Si se sintetiza un compuesto que contiene más de dos tipos de bloques de construcción, se añade un paso antes de la desprotección del bloque de construcción unido a la perla; un grupo funcional que está en la perla y no reaccionó con un bloque de construcción añadido tiene que ser protegido por otro grupo protector que no se elimina en la condición desprotectora del bloque de construcción. Este paso evita la formación de subproductos que carecen del bloque de construcción de este paso solamente.

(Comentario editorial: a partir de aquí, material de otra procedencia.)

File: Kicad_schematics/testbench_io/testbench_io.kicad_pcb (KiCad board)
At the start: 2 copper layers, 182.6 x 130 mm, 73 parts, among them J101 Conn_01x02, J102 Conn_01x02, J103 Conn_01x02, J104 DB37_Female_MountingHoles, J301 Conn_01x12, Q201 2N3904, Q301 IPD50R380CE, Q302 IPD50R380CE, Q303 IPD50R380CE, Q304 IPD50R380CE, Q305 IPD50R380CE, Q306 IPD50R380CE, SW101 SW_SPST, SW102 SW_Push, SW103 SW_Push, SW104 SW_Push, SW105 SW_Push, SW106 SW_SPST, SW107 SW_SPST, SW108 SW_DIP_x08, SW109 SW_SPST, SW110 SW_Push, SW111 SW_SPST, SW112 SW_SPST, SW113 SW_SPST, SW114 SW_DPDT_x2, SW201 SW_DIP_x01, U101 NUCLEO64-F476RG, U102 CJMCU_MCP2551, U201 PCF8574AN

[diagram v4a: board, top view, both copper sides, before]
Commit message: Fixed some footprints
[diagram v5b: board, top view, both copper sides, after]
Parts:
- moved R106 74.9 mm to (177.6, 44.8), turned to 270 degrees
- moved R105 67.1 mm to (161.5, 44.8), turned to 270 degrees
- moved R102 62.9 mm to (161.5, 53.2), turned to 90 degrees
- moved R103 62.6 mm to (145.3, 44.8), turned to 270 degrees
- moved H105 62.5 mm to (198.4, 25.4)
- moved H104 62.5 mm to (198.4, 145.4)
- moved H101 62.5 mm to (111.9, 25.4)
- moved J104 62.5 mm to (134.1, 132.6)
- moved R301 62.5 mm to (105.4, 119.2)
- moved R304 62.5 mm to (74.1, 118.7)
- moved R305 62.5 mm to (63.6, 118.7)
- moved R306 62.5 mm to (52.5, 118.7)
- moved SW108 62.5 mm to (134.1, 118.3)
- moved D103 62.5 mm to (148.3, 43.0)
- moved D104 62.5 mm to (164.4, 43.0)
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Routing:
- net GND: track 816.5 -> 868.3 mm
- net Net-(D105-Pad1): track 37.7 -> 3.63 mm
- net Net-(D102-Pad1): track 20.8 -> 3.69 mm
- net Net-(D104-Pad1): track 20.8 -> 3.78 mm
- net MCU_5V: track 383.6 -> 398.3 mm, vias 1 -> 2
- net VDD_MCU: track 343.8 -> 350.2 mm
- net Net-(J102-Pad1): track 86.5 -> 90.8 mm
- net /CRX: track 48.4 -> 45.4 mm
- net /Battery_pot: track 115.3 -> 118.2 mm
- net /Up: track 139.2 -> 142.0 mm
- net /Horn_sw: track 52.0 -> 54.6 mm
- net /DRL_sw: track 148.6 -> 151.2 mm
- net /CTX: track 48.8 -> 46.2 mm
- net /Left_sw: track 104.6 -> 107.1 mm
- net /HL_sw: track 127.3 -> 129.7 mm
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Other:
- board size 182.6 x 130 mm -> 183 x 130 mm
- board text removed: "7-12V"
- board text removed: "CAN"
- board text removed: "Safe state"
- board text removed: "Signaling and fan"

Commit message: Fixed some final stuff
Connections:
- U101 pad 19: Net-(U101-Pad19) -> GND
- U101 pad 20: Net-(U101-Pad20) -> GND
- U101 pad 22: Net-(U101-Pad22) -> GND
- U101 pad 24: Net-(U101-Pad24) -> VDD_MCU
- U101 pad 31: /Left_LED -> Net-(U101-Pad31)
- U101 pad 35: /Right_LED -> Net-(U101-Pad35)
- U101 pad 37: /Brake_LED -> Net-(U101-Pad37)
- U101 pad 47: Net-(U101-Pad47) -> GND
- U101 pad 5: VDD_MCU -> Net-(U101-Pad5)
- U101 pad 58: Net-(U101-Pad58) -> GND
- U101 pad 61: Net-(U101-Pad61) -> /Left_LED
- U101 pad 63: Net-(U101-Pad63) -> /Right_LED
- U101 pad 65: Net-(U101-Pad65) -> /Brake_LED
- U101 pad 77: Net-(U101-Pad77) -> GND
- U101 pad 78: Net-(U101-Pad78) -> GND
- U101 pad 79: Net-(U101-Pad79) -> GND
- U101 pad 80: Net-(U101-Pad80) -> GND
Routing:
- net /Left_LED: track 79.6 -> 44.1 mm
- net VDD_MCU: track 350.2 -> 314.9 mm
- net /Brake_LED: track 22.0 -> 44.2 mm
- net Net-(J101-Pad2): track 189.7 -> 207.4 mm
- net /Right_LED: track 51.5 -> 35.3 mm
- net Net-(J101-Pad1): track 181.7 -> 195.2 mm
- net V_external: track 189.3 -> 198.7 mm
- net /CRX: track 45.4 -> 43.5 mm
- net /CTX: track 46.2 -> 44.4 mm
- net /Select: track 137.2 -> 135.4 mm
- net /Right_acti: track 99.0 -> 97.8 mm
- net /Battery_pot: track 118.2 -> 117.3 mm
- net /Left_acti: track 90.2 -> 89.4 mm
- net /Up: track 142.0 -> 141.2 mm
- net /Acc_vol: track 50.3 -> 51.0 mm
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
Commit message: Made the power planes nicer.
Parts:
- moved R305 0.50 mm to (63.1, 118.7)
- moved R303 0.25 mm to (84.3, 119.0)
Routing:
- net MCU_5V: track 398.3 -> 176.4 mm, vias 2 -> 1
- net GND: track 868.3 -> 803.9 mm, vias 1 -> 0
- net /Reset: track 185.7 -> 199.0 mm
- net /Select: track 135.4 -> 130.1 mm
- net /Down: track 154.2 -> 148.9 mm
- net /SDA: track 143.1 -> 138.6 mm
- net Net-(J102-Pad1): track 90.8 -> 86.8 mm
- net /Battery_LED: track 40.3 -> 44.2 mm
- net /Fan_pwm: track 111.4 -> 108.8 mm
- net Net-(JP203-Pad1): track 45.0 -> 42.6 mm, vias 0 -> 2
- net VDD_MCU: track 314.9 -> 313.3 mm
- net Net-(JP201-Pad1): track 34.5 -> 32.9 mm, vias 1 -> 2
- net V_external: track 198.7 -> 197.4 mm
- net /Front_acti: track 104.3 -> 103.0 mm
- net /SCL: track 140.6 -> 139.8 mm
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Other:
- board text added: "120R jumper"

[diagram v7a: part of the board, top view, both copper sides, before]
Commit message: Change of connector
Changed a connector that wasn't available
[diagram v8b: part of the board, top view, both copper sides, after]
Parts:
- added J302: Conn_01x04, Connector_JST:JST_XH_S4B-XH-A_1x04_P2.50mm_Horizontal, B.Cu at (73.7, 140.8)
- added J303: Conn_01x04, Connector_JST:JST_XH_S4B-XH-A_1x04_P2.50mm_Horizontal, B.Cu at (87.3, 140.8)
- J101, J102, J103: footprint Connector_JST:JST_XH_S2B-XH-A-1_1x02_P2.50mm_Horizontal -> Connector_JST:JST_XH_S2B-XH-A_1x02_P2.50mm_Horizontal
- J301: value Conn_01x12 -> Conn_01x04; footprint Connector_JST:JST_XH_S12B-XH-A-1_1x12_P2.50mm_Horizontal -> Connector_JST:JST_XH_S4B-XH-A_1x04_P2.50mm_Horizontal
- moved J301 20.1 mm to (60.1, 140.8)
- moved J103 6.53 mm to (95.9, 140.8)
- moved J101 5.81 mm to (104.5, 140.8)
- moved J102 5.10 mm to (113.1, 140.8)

Además, este paso facilita la purificación del compuesto sintetizado después de la escisión de la perla.
La síntesis en fase sólida es una técnica común para la síntesis de péptidos . Por lo general, los péptidos se sintetizan desde el lado del grupo carbonilo (C-terminal) al lado del grupo amino (N-terminal) de la cadena de aminoácidos en el método SPPS, aunque los péptidos se sintetizan biológicamente en la dirección opuesta en las células. En la síntesis de péptidos, un aminoácido amino-protegido se une a un material o resina en fase sólida (más comúnmente, perlas de poliestireno de baja reticulación ), formando un enlace covalente entre el grupo carbonilo y la resina, más a menudo un enlace amido o éster . [6] Luego, el grupo amino se desprotege y reacciona con el grupo carbonilo del siguiente aminoácido N-protegido. La fase sólida ahora lleva un dipéptido. Este ciclo se repite para formar la cadena peptídica deseada. Una vez que se completan todas las reacciones, el péptido sintetizado se escinde de la perla.
Los grupos protectores de los grupos amino que se utilizan con mayor frecuencia en la síntesis de péptidos son el grupo 9-fluorenilmetiloxicarbonilo ( Fmoc ) y el t-butiloxicarbonilo ( Boc ). Algunos aminoácidos tienen grupos funcionales en la cadena lateral que deben protegerse específicamente para que no reaccionen con los aminoácidos N-protegidos entrantes. A diferencia de los grupos Boc y Fmoc, estos tienen que ser estables durante el curso de la síntesis de péptidos, aunque también se eliminan durante la desprotección final de los péptidos.
Los fragmentos relativamente cortos de ADN , ARN y oligonucleótidos modificados también se sintetizan mediante el método de fase sólida. Aunque los oligonucleótidos se pueden sintetizar en un matraz, casi siempre se sintetizan en fase sólida utilizando un sintetizador de ADN/ARN. Para una revisión más completa, consulte síntesis de oligonucleótidos . El método de elección es generalmente la química de la fosforamidita, desarrollada en la década de 1980.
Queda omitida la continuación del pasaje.